12.1 Amendment & Waiver. No amendment or waiver is effective unless in writing and signed by both Parties. A waiver on one occasion is not a waiver on any subsequent occasion.

12.2 Assignment. Employee may not assign or delegate any rights or obligations without Company’s prior written consent. Company may assign to an Affiliate or successor by merger, sale, or reorganization.

12.3 Successors & Assigns. This Agreement is binding upon and inures to the benefit of the Parties and their permitted successors and assigns.

12.4 Severability & Reformation. If any provision is invalid, illegal, or unenforceable, the remainder of this Agreement remains in effect, and the invalid provision shall be reformed to the minimum extent necessary for enforceability.

12.5 Integration. This Agreement, together with any written Company policies acknowledged by Employee, constitutes the entire agreement and supersedes all prior understandings regarding employment.

12.6 Counterparts; Electronic Signatures. This Agreement may be executed in counterparts (including PDF or electronic signatures), each of which is deemed an original, together constituting one instrument.

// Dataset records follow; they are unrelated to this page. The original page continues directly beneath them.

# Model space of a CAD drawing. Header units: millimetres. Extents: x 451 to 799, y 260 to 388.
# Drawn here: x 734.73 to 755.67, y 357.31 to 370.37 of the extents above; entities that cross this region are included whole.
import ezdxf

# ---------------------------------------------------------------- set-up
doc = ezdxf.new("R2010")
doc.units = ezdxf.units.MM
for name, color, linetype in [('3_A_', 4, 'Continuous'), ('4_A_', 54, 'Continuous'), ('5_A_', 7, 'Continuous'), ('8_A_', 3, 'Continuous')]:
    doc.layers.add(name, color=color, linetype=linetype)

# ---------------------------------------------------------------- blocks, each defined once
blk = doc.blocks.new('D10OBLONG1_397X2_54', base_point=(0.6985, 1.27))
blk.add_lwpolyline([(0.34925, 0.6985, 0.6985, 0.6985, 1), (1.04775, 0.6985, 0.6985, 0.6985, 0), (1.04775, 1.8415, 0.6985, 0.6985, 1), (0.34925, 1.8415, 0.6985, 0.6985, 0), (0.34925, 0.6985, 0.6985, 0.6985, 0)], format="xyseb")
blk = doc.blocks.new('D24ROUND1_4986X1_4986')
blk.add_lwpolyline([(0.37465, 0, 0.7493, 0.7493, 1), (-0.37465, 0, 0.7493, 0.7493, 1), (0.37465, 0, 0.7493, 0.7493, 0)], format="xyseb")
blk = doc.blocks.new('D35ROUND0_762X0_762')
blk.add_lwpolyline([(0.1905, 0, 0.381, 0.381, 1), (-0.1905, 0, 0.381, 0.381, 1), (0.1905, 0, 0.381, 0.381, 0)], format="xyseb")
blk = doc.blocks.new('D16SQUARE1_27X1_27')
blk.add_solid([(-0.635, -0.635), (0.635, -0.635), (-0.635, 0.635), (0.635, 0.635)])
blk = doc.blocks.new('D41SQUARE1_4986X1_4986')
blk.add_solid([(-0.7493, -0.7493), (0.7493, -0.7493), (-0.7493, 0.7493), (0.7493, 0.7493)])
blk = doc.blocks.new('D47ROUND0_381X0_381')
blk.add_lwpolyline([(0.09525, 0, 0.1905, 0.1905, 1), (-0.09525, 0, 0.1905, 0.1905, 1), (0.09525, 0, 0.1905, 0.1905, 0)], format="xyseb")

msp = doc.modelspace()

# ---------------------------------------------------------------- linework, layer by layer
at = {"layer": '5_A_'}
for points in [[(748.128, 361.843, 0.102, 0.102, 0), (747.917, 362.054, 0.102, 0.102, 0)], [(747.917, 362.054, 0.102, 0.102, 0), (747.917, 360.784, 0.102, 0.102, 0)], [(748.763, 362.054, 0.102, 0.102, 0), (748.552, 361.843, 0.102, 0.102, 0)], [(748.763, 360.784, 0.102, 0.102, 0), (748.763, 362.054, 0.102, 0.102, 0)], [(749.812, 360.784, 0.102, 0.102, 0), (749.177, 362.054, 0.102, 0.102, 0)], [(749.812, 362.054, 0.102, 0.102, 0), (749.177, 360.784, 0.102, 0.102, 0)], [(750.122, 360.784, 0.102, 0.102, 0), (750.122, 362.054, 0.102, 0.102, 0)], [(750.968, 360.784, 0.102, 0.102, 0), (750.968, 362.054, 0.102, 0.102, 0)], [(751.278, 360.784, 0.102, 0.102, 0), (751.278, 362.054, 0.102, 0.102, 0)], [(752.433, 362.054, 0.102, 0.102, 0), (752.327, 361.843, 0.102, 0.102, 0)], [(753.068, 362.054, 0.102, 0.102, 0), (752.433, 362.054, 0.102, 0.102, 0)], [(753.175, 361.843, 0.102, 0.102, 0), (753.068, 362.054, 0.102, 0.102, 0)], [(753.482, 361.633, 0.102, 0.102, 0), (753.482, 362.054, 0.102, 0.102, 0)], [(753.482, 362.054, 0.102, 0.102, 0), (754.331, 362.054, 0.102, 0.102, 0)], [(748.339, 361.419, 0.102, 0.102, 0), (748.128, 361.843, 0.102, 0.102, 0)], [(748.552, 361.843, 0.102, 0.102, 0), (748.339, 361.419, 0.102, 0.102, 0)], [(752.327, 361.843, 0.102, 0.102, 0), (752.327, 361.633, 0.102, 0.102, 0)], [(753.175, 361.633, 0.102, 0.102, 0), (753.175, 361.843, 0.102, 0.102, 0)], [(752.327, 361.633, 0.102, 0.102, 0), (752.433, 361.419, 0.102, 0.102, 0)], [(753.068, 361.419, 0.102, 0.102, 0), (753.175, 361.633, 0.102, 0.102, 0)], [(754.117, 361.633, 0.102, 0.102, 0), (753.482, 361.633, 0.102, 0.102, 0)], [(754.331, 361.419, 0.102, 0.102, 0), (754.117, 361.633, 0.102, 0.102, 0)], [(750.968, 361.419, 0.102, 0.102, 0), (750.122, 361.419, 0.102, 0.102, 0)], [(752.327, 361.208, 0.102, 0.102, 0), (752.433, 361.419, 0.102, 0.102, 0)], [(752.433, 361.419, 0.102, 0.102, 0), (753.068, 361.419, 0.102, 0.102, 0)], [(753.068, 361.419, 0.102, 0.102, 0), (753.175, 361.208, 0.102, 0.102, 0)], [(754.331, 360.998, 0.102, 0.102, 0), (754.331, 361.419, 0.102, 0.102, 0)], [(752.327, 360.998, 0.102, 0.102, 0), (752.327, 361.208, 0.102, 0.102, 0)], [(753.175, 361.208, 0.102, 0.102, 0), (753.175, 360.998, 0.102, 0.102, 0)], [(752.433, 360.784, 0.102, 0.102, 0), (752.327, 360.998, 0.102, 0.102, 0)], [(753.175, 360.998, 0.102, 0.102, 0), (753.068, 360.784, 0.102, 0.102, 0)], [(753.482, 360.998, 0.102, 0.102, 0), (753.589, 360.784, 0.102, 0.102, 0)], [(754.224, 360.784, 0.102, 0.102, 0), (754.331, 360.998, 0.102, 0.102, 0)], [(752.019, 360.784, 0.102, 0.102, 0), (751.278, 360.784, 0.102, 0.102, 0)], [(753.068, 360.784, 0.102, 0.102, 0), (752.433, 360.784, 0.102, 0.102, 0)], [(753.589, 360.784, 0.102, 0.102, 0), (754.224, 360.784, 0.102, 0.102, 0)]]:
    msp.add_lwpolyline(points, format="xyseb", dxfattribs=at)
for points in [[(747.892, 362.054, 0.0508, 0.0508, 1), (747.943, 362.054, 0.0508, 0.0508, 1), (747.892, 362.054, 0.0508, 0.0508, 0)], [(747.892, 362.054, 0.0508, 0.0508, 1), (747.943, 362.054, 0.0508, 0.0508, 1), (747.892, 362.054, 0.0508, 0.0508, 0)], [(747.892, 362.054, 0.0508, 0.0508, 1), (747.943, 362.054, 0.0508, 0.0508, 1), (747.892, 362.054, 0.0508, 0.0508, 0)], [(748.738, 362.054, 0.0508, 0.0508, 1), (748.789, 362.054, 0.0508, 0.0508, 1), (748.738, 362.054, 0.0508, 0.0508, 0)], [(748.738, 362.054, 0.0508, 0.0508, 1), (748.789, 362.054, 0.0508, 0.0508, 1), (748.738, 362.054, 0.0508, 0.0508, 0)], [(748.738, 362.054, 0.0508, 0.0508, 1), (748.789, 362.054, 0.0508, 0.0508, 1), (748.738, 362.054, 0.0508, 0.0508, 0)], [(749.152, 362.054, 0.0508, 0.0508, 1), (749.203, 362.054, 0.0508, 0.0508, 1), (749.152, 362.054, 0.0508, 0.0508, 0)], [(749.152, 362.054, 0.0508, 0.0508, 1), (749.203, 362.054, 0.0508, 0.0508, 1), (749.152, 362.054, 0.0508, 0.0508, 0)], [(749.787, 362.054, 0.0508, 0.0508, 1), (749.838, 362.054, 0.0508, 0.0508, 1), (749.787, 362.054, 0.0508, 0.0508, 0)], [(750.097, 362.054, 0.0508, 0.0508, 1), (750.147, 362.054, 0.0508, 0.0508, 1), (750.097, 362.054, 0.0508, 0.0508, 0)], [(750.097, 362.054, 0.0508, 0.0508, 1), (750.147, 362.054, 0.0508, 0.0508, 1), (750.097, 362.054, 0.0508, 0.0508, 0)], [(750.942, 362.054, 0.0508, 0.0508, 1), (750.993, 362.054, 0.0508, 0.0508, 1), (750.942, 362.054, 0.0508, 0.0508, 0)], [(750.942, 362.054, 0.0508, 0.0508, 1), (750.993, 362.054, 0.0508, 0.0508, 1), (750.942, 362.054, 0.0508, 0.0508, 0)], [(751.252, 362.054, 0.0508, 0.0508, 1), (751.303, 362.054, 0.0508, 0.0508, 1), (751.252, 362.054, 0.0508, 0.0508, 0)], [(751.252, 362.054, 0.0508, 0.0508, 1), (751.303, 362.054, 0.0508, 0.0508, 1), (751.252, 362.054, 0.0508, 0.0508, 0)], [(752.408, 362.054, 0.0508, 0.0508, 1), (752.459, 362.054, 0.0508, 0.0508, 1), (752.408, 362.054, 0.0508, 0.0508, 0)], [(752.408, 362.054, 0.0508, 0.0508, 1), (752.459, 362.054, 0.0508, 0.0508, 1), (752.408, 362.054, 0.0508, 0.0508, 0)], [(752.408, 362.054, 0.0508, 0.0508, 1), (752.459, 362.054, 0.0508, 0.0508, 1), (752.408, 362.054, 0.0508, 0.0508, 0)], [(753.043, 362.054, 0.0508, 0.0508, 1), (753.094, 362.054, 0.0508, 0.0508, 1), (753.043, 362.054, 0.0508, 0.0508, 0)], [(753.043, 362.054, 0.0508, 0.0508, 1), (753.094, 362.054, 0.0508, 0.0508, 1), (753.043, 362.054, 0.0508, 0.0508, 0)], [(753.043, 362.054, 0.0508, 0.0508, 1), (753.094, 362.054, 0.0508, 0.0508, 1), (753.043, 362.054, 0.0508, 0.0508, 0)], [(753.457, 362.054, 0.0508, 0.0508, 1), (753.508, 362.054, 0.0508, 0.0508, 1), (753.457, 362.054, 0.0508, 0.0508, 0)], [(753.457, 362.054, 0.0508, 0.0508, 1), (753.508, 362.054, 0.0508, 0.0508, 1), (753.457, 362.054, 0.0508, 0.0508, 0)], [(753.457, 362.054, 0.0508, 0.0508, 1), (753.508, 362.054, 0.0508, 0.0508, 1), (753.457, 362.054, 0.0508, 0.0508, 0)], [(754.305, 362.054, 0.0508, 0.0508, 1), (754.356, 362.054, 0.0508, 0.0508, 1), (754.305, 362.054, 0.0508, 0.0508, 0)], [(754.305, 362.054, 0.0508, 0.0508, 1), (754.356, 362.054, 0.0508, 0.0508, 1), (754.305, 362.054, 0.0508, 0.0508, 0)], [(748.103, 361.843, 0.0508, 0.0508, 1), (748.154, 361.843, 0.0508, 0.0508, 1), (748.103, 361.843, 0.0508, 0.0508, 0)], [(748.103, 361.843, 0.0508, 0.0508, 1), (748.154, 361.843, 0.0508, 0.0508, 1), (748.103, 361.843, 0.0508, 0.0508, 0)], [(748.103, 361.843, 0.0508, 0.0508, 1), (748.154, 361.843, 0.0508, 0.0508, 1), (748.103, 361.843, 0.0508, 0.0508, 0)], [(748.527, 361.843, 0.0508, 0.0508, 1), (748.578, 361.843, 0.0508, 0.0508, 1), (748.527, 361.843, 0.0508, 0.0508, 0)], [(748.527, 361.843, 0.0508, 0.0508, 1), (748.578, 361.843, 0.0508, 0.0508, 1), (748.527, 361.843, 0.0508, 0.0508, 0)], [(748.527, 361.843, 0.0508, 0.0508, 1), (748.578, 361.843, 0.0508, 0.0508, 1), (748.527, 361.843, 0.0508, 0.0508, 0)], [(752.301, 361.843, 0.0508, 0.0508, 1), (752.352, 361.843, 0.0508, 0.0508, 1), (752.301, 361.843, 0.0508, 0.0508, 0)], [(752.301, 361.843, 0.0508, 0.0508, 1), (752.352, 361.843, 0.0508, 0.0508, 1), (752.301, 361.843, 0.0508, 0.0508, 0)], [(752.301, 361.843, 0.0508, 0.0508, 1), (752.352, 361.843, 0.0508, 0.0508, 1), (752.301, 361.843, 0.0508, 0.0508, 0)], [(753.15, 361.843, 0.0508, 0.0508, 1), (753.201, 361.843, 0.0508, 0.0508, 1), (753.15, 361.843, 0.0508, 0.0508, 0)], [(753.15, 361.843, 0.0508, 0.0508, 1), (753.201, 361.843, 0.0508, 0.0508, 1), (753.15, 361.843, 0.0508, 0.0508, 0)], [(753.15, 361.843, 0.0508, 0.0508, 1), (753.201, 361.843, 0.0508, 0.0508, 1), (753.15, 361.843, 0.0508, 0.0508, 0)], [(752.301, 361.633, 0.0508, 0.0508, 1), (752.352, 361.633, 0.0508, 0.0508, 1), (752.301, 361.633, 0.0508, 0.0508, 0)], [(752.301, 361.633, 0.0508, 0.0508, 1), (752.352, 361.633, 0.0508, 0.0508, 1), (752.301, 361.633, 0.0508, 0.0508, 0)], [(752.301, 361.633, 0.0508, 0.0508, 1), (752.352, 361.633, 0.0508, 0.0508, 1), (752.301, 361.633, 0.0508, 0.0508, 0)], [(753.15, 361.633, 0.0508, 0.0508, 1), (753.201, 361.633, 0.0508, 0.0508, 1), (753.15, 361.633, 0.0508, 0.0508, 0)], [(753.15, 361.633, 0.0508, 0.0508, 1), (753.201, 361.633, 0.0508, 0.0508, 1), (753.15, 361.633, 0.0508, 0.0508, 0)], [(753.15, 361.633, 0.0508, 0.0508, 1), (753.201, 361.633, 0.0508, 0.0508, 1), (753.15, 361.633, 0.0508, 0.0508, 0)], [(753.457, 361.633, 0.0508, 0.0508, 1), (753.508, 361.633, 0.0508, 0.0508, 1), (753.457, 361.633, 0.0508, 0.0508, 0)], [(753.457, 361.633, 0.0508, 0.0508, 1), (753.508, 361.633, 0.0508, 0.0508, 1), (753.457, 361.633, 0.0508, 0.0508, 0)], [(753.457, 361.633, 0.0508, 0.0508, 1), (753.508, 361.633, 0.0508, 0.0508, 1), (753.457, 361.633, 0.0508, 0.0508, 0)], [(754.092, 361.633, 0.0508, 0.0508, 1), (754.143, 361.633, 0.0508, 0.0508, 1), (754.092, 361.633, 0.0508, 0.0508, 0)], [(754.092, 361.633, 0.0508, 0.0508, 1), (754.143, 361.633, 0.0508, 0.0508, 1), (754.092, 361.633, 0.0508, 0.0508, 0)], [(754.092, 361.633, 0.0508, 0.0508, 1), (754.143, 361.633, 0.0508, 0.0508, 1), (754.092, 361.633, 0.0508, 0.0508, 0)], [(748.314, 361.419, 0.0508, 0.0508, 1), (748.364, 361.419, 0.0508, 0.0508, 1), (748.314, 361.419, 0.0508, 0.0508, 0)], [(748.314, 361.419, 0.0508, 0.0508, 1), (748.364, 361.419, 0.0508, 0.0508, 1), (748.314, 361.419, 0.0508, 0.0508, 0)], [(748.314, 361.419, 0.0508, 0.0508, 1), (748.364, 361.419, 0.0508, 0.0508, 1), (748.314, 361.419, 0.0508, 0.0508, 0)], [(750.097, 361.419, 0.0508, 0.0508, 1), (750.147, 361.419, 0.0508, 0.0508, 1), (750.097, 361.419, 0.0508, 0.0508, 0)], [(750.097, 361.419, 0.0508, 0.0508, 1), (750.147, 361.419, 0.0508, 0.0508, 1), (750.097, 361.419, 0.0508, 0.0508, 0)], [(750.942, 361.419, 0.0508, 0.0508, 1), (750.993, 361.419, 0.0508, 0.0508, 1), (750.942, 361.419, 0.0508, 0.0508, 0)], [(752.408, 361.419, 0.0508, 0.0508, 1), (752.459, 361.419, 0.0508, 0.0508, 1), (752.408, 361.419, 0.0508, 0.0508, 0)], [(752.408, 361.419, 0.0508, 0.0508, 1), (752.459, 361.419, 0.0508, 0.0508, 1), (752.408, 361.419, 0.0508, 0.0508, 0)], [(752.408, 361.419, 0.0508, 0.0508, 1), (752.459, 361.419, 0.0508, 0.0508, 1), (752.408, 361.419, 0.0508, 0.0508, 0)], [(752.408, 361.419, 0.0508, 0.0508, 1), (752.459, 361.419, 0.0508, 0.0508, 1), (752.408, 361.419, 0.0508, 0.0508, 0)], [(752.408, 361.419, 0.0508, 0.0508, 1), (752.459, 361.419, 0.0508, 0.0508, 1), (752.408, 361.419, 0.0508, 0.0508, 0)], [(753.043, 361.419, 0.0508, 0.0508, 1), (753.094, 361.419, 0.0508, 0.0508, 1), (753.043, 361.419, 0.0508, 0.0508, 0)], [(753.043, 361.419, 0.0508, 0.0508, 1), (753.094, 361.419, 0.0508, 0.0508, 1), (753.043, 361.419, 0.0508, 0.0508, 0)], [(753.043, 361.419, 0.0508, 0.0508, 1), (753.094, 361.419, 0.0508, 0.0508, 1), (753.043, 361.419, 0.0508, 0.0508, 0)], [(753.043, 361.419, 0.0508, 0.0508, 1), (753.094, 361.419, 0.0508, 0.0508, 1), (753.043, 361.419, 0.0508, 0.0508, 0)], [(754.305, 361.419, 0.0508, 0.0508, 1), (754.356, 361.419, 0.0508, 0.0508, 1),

12.7 Notices. Notices under this Agreement must be in writing and delivered (i) personally, (ii) by certified mail (return receipt requested), or (iii) by nationally recognized courier to the addresses first set forth above (or as later designated). Notice is effective upon receipt.

12.8 Interpretation. Headings are for convenience only and do not affect interpretation. The Parties were both represented (or had opportunity for representation) by counsel and therefore waive any rule of strict construction against the drafter.


13. EXECUTION BLOCK

IN WITNESS WHEREOF, the Parties have executed this Agreement as of the Effective Date.

COMPANY EMPLOYEE
[LEGAL NAME OF EMPLOYER] [EMPLOYEE NAME]
By: ________ ________
Name: [NAME]
Title: [TITLE]
Date: ______ Date: ________

[// GUIDANCE: Indiana does not require notarization or witnesses for employment agreements, but notarization may enhance authenticity. Insert acknowledgment block if desired.]